25 Jul Popular Music’s Two Great Eras (a thesis)
CHIANG MAI. There are, to me, two great eras of popular music.
1967-1977: The first era begins with Sgt. Pepper. This isn’t to claim that it’s The Beatles’ best album, but it set the tone for what was possible in popular music, an era of experimentation that lasted for 10 years. Not just psychedelic or prog, but everyone was experimenting during this period, trying different things, stretching the conventions of a “song.” There were so many other bands during the early period that helped shape what came (Pink Floyd, The Doors, Jimi, on and on…), but The Beatles were the model. This period died by 1978 as prog rock overdosed on itself (interesting how many epic prog swan songs were released in ’77) and folk ran out of things to say. In between you also had Motown, master singer/songwriters, and some of history’s greatest crooners.1
1989-1994: The second era begins with The Cure’s Disintegration. 1989 was a year when glam metal and all its vain posturing was mercifully dying out; British pop, before it was named “Britpop,” was cinematic, atmospheric and moody; and passion and inventiveness were re-emerging (I’m thinking here of Sinead O’Connor, Fishbone and Jane’s Addiction breaking through, ’89 being the middle point between the two best albums for all three of them). Things exploded in 1990, rivaling ’69 for the best single year in pop music. This was the time of grunge, but we can’t forget the women who broke through: Tori Amos’ rupture; Edie Brickell’s depth; Bjork’s cosmic inception (yes, I’m being allusive here). These were not singer-songwriters or celebrities with pipes but courageous artists. I’d like to pick on someone to blame for the death of this era—faux grunge like Seven Mary Three, Bush and Three Doors Down ruined everything, as did media labeling—but in truth everything diminished after Kurt Cobain died.2
An interesting question is what happened during the dead years. What went badly between 1977 and 1989? And what has happened since 1994? Both feel like periods of loss—a loss of experimentation, hope, sincerity. Perhaps it was mind-opening illicit drugs giving way to doctor-prescribed mind-closing drugs. Perhaps it was careerism and technological abuse (MIDI in the 80s, cell phones today). To me, punk shoulders a lot of the blame for the psychocultural damage it did. In some ways it was necessary damage, but it took years for bands to shake off the shame and to regain the courage to be intense and sincere and bold at the same time. As punk became the unconsciousness of all popular music, its conscious expressions became commodified. An insecurity over the appearance of self-indulgence brims under the surface and combines with a need to formulate passion into a consciously marketable package: a punk-branded capitalism, antithetical to all punk was. So it’s a double loss given rise by punk: a fear of sincerity and a commercialization of feeling. We’ve never gotten over this. The reason grunge worked is because it combined the disillusionment of punk, the loftiness of musicianship, and grandeur of its melodies. Listen to “Drown” by Smashing Pumpkins and you hear an entire era in a single song—sadness, joy, gravity, flight, sincerity, attitude, experimentation and musicianship—but only if you take in all of it and really listen, the entire 8-plus minutes.
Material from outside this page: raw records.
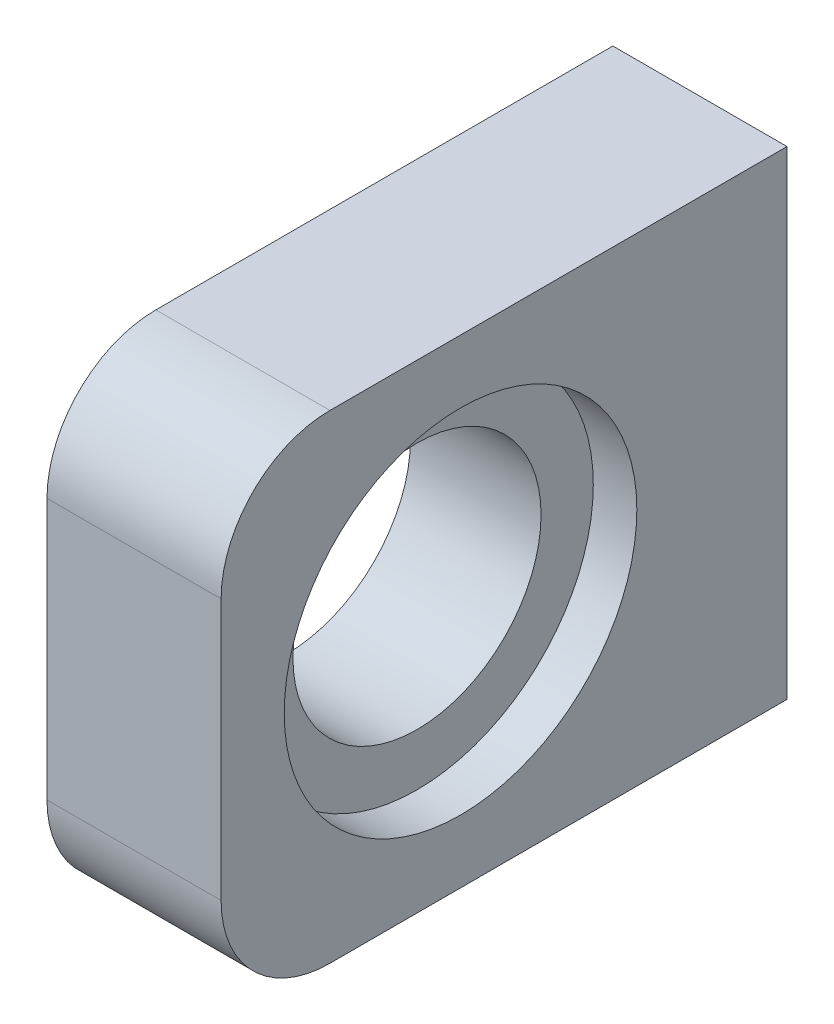
from build123d import *

# Parameters (mm, degrees)
SKETCH1_W                      = 26
SKETCH1_H                      = 22
BOSS_EXTRUDE1_DEPTH            = 8
SKETCH2_R                      = 8.1
CUT_EXTRUDE1_DEPTH             = 2
F_3_3_3_3_DIAMETER_HOLE1_D     = 3.3
F_3_3_3_3_DIAMETER_HOLE1_DEPTH = 6
F_3_3_3_3_DIAMETER_HOLE1_TIP   = 0.991420021
M10_CLEARANCE_HOLE1_D          = 11.4
FILLET1_R                      = 5


with BuildPart() as part:
    # Sketch1 → Boss-Extrude1 (new body)
    with BuildSketch(Plane(origin=(8, 0, 0), x_dir=(0, 0, -1), z_dir=(1, 0, 0))):
        with Locations((-9, 11)):
            Rectangle(SKETCH1_W, SKETCH1_H)
    extrude(amount=-BOSS_EXTRUDE1_DEPTH)

    # Sketch2 → Cut-Extrude1 (cut)
    with BuildSketch(Plane(origin=(8, 0, 0), x_dir=(0, 0, -1), z_dir=(1, 0, 0))):
        with Locations((-11, 11)):
            Circle(SKETCH2_R)
    extrude(amount=-CUT_EXTRUDE1_DEPTH, mode=Mode.SUBTRACT)

    # Ø3.3 (3.3) Diameter Hole1
    with Locations(Plane(origin=(0, 0, -4), x_dir=(-1, 0, 0), z_dir=(0, 0, -1))):
        with Locations((-4, 16), (-4, 6)):
            Hole(F_3_3_3_3_DIAMETER_HOLE1_D / 2, depth=F_3_3_3_3_DIAMETER_HOLE1_DEPTH)
            with Locations((0, 0, -(F_3_3_3_3_DIAMETER_HOLE1_DEPTH + F_3_3_3_3_DIAMETER_HOLE1_TIP / 2))):  # 118° drill point
                Cone(0, F_3_3_3_3_DIAMETER_HOLE1_D / 2, F_3_3_3_3_DIAMETER_HOLE1_TIP, mode=Mode.SUBTRACT)

    # M10 Clearance Hole1 (through all)
    with Locations(Plane(origin=(6, 0, 0), x_dir=(0, 0, -1), z_dir=(1, 0, 0))):
        with Locations((-11, 11)):
            Hole(M10_CLEARANCE_HOLE1_D / 2)

    # Fillet1
    fillet1_edges = [part.edges().sort_by_distance(p)[0] for p in [
        (4, 0, 22),
        (4, 22, 22),
    ]]
    fillet(fillet1_edges, radius=FILLET1_R)


solid = part.part
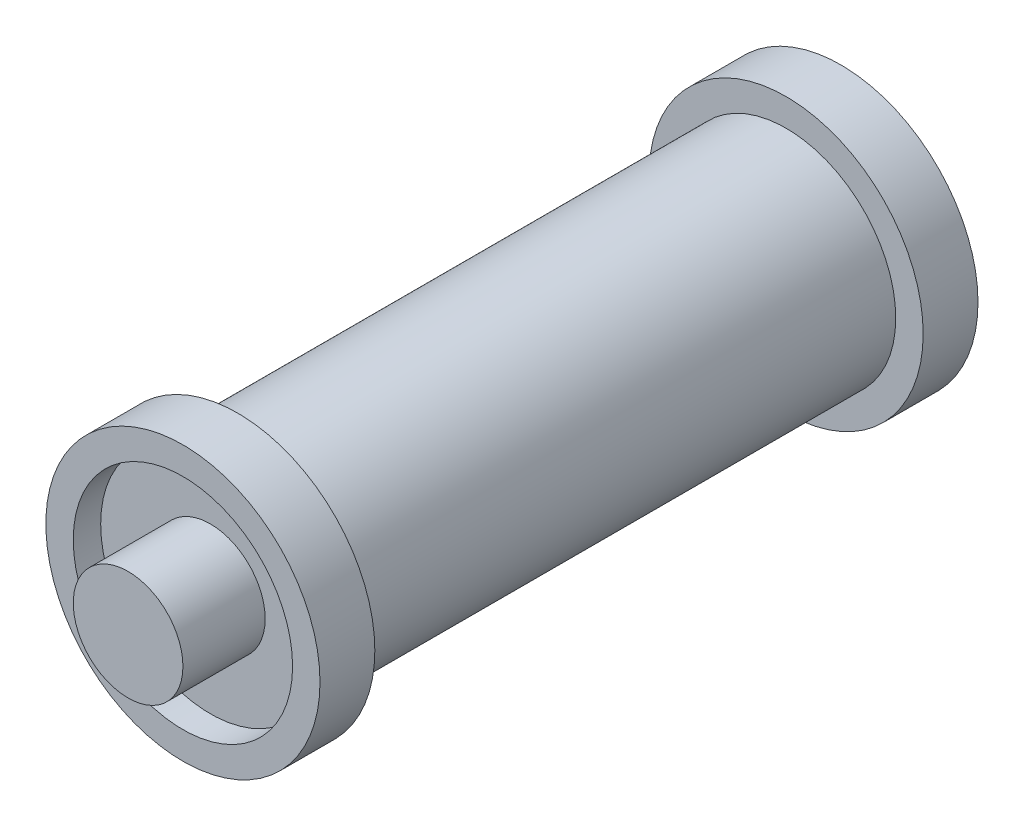
from build123d import *

# Parameters (mm, degrees)
CROQUIS1_R     = 5
EXTRUIR1_DEPTH = 2
VACIADO1_T     = -1
CROQUIS2_R     = 4
EXTRUIR2_DEPTH = 10
CROQUIS4_R     = 2
EXTRUIR4_DEPTH = 3


with BuildPart() as part:
    # Croquis1 → Extruir1 (new body)
    with BuildSketch(Plane.XY):
        Circle(CROQUIS1_R)
    extrude(amount=EXTRUIR1_DEPTH)

    # Vaciado1
    vaciado1_openings = [part.faces().sort_by_distance(p)[0] for p in [
        (0, 0, 2),
    ]]
    offset(amount=VACIADO1_T, openings=vaciado1_openings, kind=Kind.INTERSECTION)

    # Croquis2 → Extruir2 (add)
    with BuildSketch(Plane(origin=(0, 0, 0), x_dir=(-1, 0, 0), z_dir=(0, 0, -1))):
        with Locations(Location((0, 0, 0), (0, 0, 180))):  # turned: the seam where the file's is
            Circle(CROQUIS2_R)
    extrude(amount=EXTRUIR2_DEPTH)

    # Simetría3: part across plane


with BuildPart() as part_1:
    add(part.part)
    add(part.part.mirror(Plane(origin=(0, 0, -10), x_dir=(1, 0, 0), z_dir=(0, 0, -1))))

    # Croquis4 → Extruir4 (add)
    with BuildSketch(Plane.XY.offset(1)):
        Circle(CROQUIS4_R)
    extrude(amount=EXTRUIR4_DEPTH)


solid = part_1.part
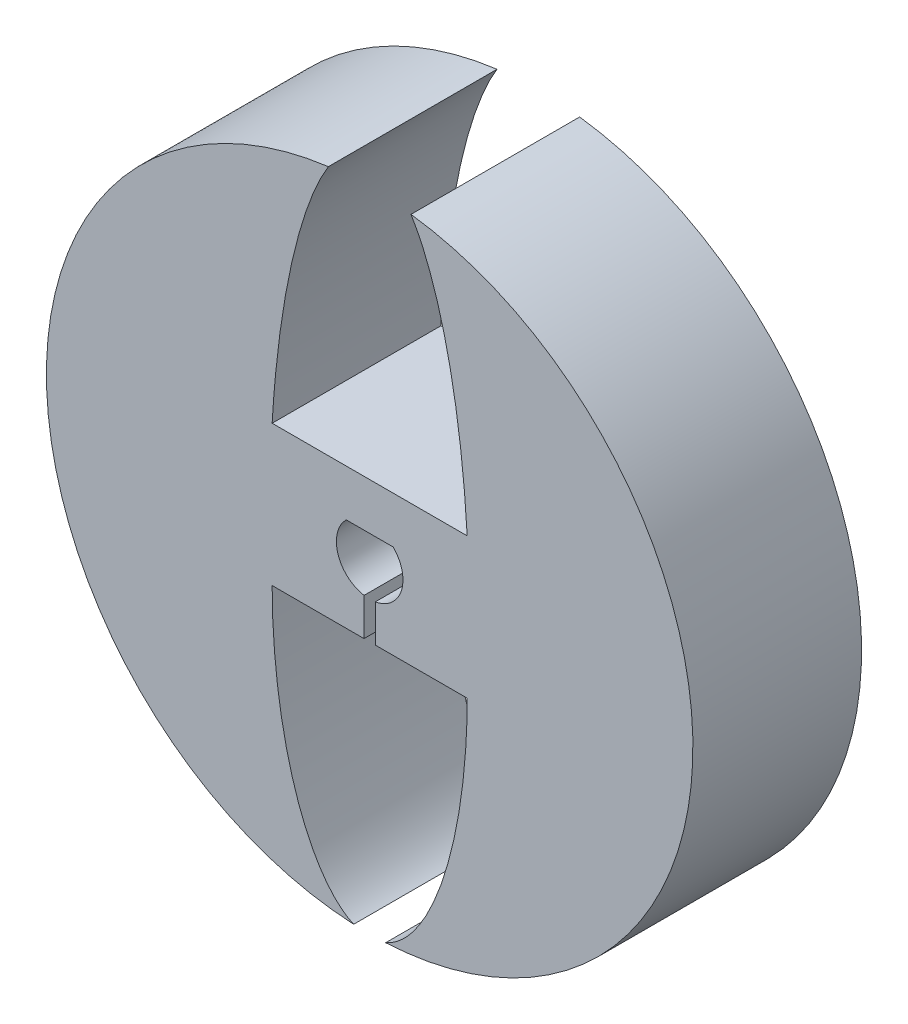
from build123d import *

# Parameters (mm, degrees)
SKETCH1_R           = 23
BOSS_EXTRUDE1_DEPTH = 12
CUT_EXTRUDE1_DEPTH  = 13


with BuildPart() as part:
    # Sketch1 → Boss-Extrude1 (new body)
    with BuildSketch(Plane.XY):
        Circle(SKETCH1_R)
    extrude(amount=BOSS_EXTRUDE1_DEPTH)

    # Sketch2 → Cut-Extrude1 (cut, through all)
    with BuildSketch(Plane.XY.offset(12)):
        with BuildLine():
            Line((-1.669663439, 1.682), (1.669663439, 1.682))
            ThreePointArc((1.669663439, 1.682), (2.259858272, -0.714101248), (0.4, -2.336000856))
            Line((0.4, -2.336000856), (0.4, -5))
            Line((0.4, -5), (6.939400576, -5))
            add(Edge.make_bspline(
                [(-6.939400576, -5), (-6.939400576, -23.218031299), (0, -23.218031299), (6.939400576, -23.218031299), (6.939400576, -5)],
                knots=[1.570796327, 1.570796327, 1.570796327, 3.141592654, 3.141592654, 4.71238898, 4.71238898, 4.71238898], degree=2, weights=[1, 0.707106781, 1, 0.707106781, 1]))
            Line((-6.939400576, -5), (-0.4, -5))
            Line((-0.4, -5), (-0.4, -2.336000856))
            ThreePointArc((-0.4, -2.336000856), (-2.259858272, -0.714101248), (-1.669663439, 1.682))
        make_face()
        with BuildLine():
            Line((-6.939400576, 5), (6.939400576, 5))
            add(Edge.make_bspline(
                [(6.939400576, 5), (5.785687162, 25.074195607), (0, 25.074195607), (-5.785687162, 25.074195607), (-6.939400576, 5)],
                knots=[4.913142926, 4.913142926, 4.913142926, 6.283185307, 6.283185307, 7.653227688, 7.653227688, 7.653227688], degree=2, weights=[1, 0.77440564, 1, 0.77440564, 1]))
        make_face()
    extrude(amount=-CUT_EXTRUDE1_DEPTH, mode=Mode.SUBTRACT)


solid = part.part

There was a ton of great music in between 1977 and 1989. There’s some good music to be found now too. But there’s no wave, no movement to break this structure of consciousness, then or now. I’d like to think we’re due for a new one, but there would have to be a sense in the zeitgeist that things are rising rather than falling. We’re not there, not in an era that continues to fear sincerity with a brand new hyperconsciousness on appearances; not during this emphasis on one’s personal product; not while we allow machines and automation to compose and perform the music while media proliferation and algorithms direct people’s attentions. Passion is a scary thing in this Trumpist age, so information triumphs over raw emotion and becomes the new savior. This is why we find very little protest in popular music. It’s more difficult to gather around something bigger than oneself in a world of continuous and immediate gratification. The only soul or sense of experimentation to be found in music isn’t something that’s going to “happen.” It will have to be found individually in hidden alleys, by going out to a club and seeing/hearing what’s going on in the neighborhood. There are still people out there with skill and courage on actual instruments, making great music as a band of listeners. But you gotta go out and find it.
1 Not pop, but this was also a really wild period in jazz.
2 Not pop, but this was also a time when the “new classical” thing was taking shape (Arvo Part, ECM), as were world-ambient-dub projects (Bill Laswell, Adrian Sherwood, Jah Wobble) and “post-rock” (Talk Talk up to Tortoise).